If the SSD runs out of this pool, writing slows drastically as it must first erase a block before it can write anything. If you are expecting to do a LOT of writing to a SSD, you may want to make sure that you partition it to something less than the advertised size so that that extra space will remain in the pool (this works as long as that extra space has never been written to, or is explicitly relased via a TRIM command)

Allocating uninitialized file blocks

Posted Apr 19, 2012 15:21 UTC (Thu) by sandeen (guest, #42852) [Link] (1 responses)

As the thread wore on, numbers were posted which show XFS has no serious performance degradation under the same workload. At this point, blowing a security hole in ext4 and promoting the flag to the VFS level seems incredibly premature.

I'd look into just what is making ext4 slow here but so far I can't reproduce a slowdown anything like what the patch submitter has seen...

-Eric

Allocating uninitialized file blocks

Posted Apr 23, 2012 1:21 UTC (Mon) by szaka (guest, #12740) [Link]

The flag (with a better name) could be helpful for filesystems which can't fully support uninitialized allocated blocks efficiently.
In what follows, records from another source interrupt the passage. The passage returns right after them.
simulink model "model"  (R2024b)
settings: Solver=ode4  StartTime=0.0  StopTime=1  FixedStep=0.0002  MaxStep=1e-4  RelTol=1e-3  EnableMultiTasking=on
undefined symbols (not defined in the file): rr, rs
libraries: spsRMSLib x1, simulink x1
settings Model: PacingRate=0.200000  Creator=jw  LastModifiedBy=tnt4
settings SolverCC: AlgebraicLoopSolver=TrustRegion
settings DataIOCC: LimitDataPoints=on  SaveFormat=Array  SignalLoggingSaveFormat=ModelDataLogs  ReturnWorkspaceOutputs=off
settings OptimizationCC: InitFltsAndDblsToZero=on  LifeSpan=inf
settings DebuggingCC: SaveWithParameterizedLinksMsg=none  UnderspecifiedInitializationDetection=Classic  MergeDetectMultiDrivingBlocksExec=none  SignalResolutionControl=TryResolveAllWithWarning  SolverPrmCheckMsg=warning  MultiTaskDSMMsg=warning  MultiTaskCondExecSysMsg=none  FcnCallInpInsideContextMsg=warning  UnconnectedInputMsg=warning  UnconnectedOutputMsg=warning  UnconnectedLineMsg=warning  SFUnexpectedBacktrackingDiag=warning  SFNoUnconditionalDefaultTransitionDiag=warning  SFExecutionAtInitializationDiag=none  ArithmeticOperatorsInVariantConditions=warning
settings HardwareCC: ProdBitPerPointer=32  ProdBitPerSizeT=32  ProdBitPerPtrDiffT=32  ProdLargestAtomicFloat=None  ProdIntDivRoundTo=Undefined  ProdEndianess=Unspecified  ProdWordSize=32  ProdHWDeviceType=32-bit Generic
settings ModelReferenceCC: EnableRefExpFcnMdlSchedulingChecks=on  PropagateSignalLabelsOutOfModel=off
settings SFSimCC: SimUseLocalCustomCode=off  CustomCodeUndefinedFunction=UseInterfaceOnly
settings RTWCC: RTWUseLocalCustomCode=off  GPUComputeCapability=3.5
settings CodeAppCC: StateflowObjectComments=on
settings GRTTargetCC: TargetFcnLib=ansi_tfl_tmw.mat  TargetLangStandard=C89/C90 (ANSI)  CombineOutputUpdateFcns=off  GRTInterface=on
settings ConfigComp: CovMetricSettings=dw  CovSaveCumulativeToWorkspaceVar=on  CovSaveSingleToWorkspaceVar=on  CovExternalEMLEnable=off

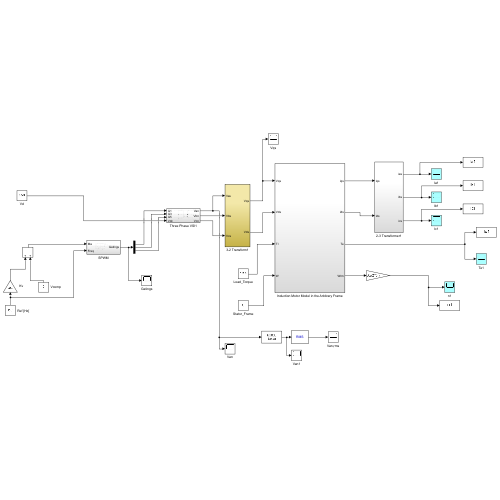
[thumbnail: Simulink's stored preview of the top-level diagram]
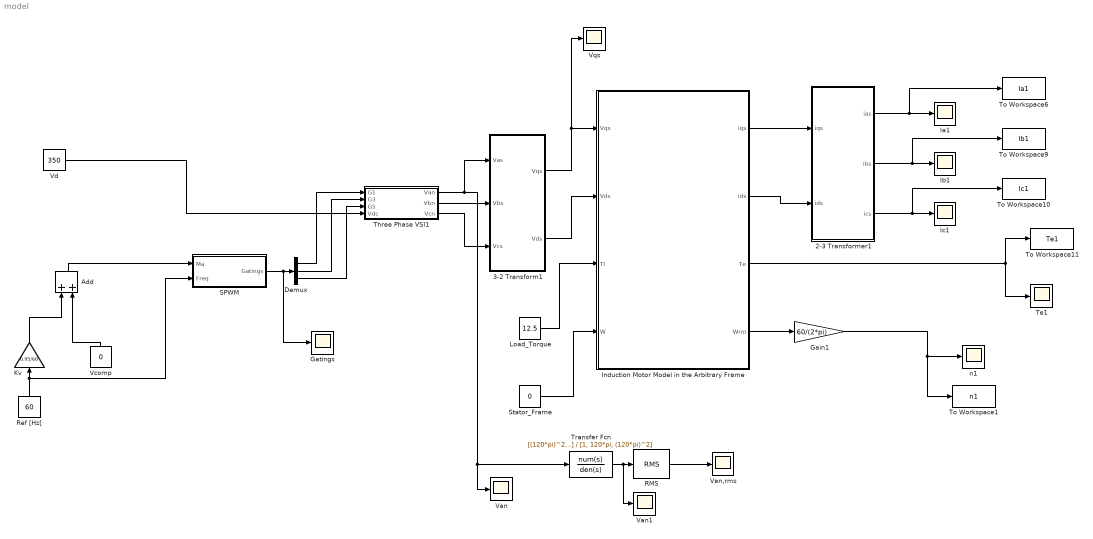
== system model ==
  2-3 Transformer1 : Subsystem
  3-2 Transform1 : Subsystem
  Add : Sum
  Demux : Demux  Outputs=3
  Gain1 : Gain  Gain=60/(2*pi)
  Gatings : Scope
  Ia1 : Scope
  Ib1 : Scope
  Ic1 : Scope
  Induction Motor Model in the Arbitrary Frame : Subsystem
  Kv : Gain  Gain=0.95/60
  Load_Torque : Constant  Value=12.5
  RMS : spsRMSLib/RMS  TrueRMS=on  Freq=60  RMSInit=0  Ts=0
  Ref [Hz[ : Constant  Value=60
  SPWM : Subsystem
  Stator_Frame : Constant  Value=0
  Te1 : Scope
  Three Phase VSI1 : Subsystem
  To Workspace1 : ToWorkspace  VariableName=n1  SampleTime=-1
  To Workspace10 : ToWorkspace  VariableName=Ic1  SampleTime=-1
  To Workspace11 : ToWorkspace  VariableName=Te1  SampleTime=-1
  To Workspace6 : ToWorkspace  VariableName=Ia1  SampleTime=-1
  To Workspace9 : ToWorkspace  VariableName=Ib1  SampleTime=-1
  Transfer Fcn : TransferFcn  Numerator=[(120*pi)^2]  Denominator=[1, 120*pi, (120*pi)^2]
  Van : Scope
  Van,rms : Scope
  Van1 : Scope
  Vcomp : Constant  Value=0
  Vd : Constant  Value=350
  Vqs : Scope
  n1 : Scope
  wires:
  Ref [Hz[/1 -> SPWM/2(Freq), Kv/1
  Kv/1 -> Add/1
  Vcomp/1 -> Add/2
  Add/1 -> SPWM/1(Ma)
  Vd/1 -> Three Phase VSI1/4(Vdc)
  SPWM/1(Gatings) -> Gatings/1, Demux/1
  Demux/1 -> Three Phase VSI1/1(G1)
  Demux/2 -> Three Phase VSI1/2(G3)
  Demux/3 -> Three Phase VSI1/3(G5)
  Three Phase VSI1/1(Van) -> Transfer Fcn/1, Van/1, 3-2 Transform1/1(Vas)
  Three Phase VSI1/2(Vbn) -> 3-2 Transform1/2(Vbs)
  Three Phase VSI1/3(Vcn) -> 3-2 Transform1/3(Vcs)
  3-2 Transform1/1(Vqs) -> Vqs/1, Induction Motor Model in the Arbitrary Frame/1(Vqs)
  3-2 Transform1/2(Vds) -> Induction Motor Model in the Arbitrary Frame/2(Vds)
  Stator_Frame/1 -> Induction Motor Model in the Arbitrary Frame/4(W)
  Load_Torque/1 -> Induction Motor Model in the Arbitrary Frame/3(Tl)
  Induction Motor Model in the Arbitrary Frame/1(iqs) -> 2-3 Transformer1/1(iqs)
  Induction Motor Model in the Arbitrary Frame/2(ids) -> 2-3 Transformer1/2(ids)
  Gain1/1 -> n1/1, To Workspace1/1
  Induction Motor Model in the Arbitrary Frame/4(Wrm) -> Gain1/1
  2-3 Transformer1/2(ibs) -> Ib1/1, To Workspace9/1
  2-3 Transformer1/3(ics) -> Ic1/1, To Workspace10/1
  2-3 Transformer1/1(ias) -> Ia1/1, To Workspace6/1
  Induction Motor Model in the Arbitrary Frame/3(Te) -> Te1/1, To Workspace11/1
  Transfer Fcn/1 -> Van1/1, RMS/1
  RMS/1 -> Van,rms/1

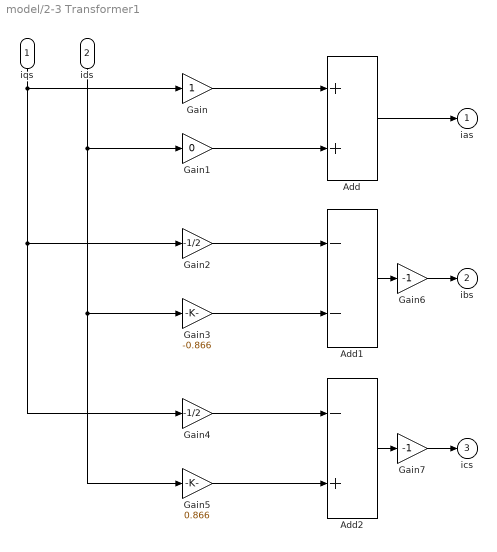
== system model/2-3 Transformer1 ==
  iqs : Inport
  ids : Inport  Port=2
  Add : Sum
  Add1 : Sum  Inputs=--
  Add2 : Sum  Inputs=-+
  Gain : Gain
  Gain1 : Gain  Gain=0
  Gain2 : Gain  Gain=-1/2
  Gain3 : Gain  Gain=-0.866
  Gain4 : Gain  Gain=-1/2
  Gain5 : Gain  Gain=0.866
  Gain6 : Gain  Gain=-1
  Gain7 : Gain  Gain=-1
  ias : Outport  InitialOutput=0  VectorParamsAs1DForOutWhenUnconnected=off
  ibs : Outport  Port=2  InitialOutput=0  VectorParamsAs1DForOutWhenUnconnected=off
  ics : Outport  Port=3  InitialOutput=0  VectorParamsAs1DForOutWhenUnconnected=off
  wires:
  Gain/1 -> Add/1
  Gain1/1 -> Add/2
  Gain2/1 -> Add1/1
  Gain3/1 -> Add1/2
  Gain4/1 -> Add2/1
  Gain5/1 -> Add2/2
  Add2/1 -> Gain7/1
  Add1/1 -> Gain6/1
  Add/1 -> ias/1
  iqs/1 -> Gain/1, Gain2/1, Gain4/1
  ids/1 -> Gain1/1, Gain3/1, Gain5/1
  Gain6/1 -> ibs/1
  Gain7/1 -> ics/1

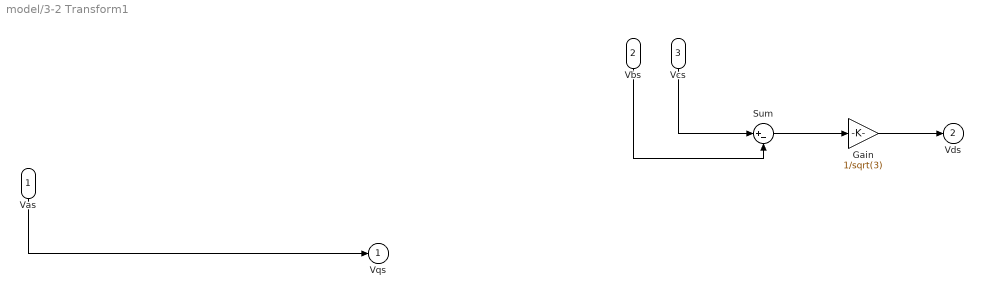
== system model/3-2 Transform1 ==
  Vas : Inport
  Vbs : Inport  Port=2
  Vcs : Inport  Port=3
  Gain : Gain  Gain=1/sqrt(3)
  Sum : Sum  Inputs=|+-
  Vqs : Outport  InitialOutput=0  VectorParamsAs1DForOutWhenUnconnected=off
  Vds : Outport  Port=2  InitialOutput=0  VectorParamsAs1DForOutWhenUnconnected=off
  wires:
  Vas/1 -> Vqs/1
  Vbs/1 -> Sum/2
  Vcs/1 -> Sum/1
  Sum/1 -> Gain/1
  Gain/1 -> Vds/1

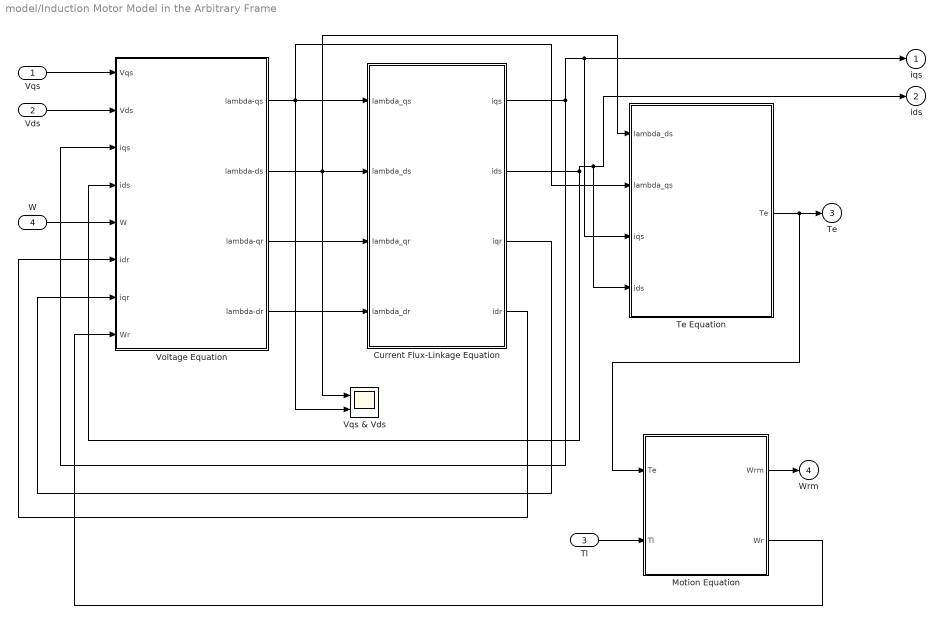
== system model/Induction Motor Model in the Arbitrary Frame ==
  Vqs : Inport
  Vds : Inport  Port=2
  Tl : Inport  Port=3
  W : Inport  Port=4
  Current Flux-Linkage Equation : Subsystem
  Motion Equation : Subsystem
  Te Equation : Subsystem
  Voltage Equation : Subsystem
  Vqs & Vds : Scope  NumInputPorts=2
  iqs : Outport  InitialOutput=0  VectorParamsAs1DForOutWhenUnconnected=off
  ids : Outport  Port=2  InitialOutput=0  VectorParamsAs1DForOutWhenUnconnected=off
  Te : Outport  Port=3  InitialOutput=0  VectorParamsAs1DForOutWhenUnconnected=off
  Wrm : Outport  Port=4  InitialOutput=0  VectorParamsAs1DForOutWhenUnconnected=off
  wires:
  Vqs/1 -> Voltage Equation/1(Vqs)
  Vds/1 -> Voltage Equation/2(Vds)
  Tl/1 -> Motion Equation/2(Tl)
  W/1 -> Voltage Equation/5(W)
  Te Equation/1(Te) -> Te/1, Motion Equation/1(Te)
  Current Flux-Linkage Equation/1(iqs) -> Voltage Equation/3(iqs), iqs/1, Te Equation/3(iqs)
  Current Flux-Linkage Equation/2(ids) -> Voltage Equation/4(ids), ids/1, Te Equation/4(ids)
  Current Flux-Linkage Equation/3(iqr) -> Voltage Equation/7(iqr)
  Voltage Equation/1(lambda-qs) -> Vqs & Vds/2, Current Flux-Linkage Equation/1(lambda_qs), Te Equation/2(lambda_qs)
  Voltage Equation/2(lambda-ds) -> Te Equation/1(lambda_ds), Vqs & Vds/1, Current Flux-Linkage Equation/2(lambda_ds)
  Voltage Equation/3(lambda-qr) -> Current Flux-Linkage Equation/3(lambda_qr)
  Voltage Equation/4(lambda-dr) -> Current Flux-Linkage Equation/4(lambda_dr)
  Current Flux-Linkage Equation/4(idr) -> Voltage Equation/6(idr)
  Motion Equation/2(Wr) -> Voltage Equation/8(Wr)
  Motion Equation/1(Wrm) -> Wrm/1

We are supporting several such interoperable filesystems (NTFS, exFAT, FAT) where changing the specification is not possible.

There is real user need despite explaining potential security consequences. Typical usage scenarios are using a large file as a container for an application which tracks free/used blocks itself. Windows supports this feature by SetFileValidData() if extra privilege is granted.

The performance gain can be huge on embedded using low-end storage and SoC. In one of our cases it took 5 days vs 12 minutes to fully setup a large file for use.

Allocating uninitialized file blocks

Posted Apr 19, 2012 15:44 UTC (Thu) by joey (guest, #328) [Link] (2 responses)

I was just reading yesterday about a torrent program that used the equivilant option in Windows. So every partially downloaded torrent file exposes other "deleted" data. Ugh.

Allocating uninitialized file blocks

Posted Apr 19, 2012 20:51 UTC (Thu) by intgr (subscriber, #39733) [Link] (1 responses)

> that used the equivilant option in Windows

Are you saying that there's an equivalent to the new proposed FALLOC_FL_NO_HIDE_STALE flag too? I'd be surprised. Can you link to the discussion?

(Maybe you're just confused. I'm sure there is a fallocate() equivalent feature in Windows -- but fallocate() doesn't leak any foreign file data, without this new proposed flag)

Allocating uninitialized file blocks

Posted Apr 19, 2012 21:22 UTC (Thu) by Fowl (subscriber, #65667) [Link]

That would be the SetFileValidData function, which "is useful in very limited scenarios. "

To use it requires the SE_MANAGE_VOLUME_NAME privilege (ie. raw disk access).

"Applications should call SetFileValidData only on files that restrict access to those entities that have SE_MANAGE_VOLUME_NAME access. The application must ensure that the unwritten ranges of the file are never exposed, or security issues can result as follows."

[Something about giving just enough rope to hang yourself / trusting programmers to know what they're doing.]

Allocating uninitialized file blocks

Posted May 1, 2012 5:50 UTC (Tue) by butlerm (subscriber, #13312) [Link]

It sounds like EXT4 and any other modern filesystems with this problem need a more robust form of unwritten extent tracking similar to that used by XFS.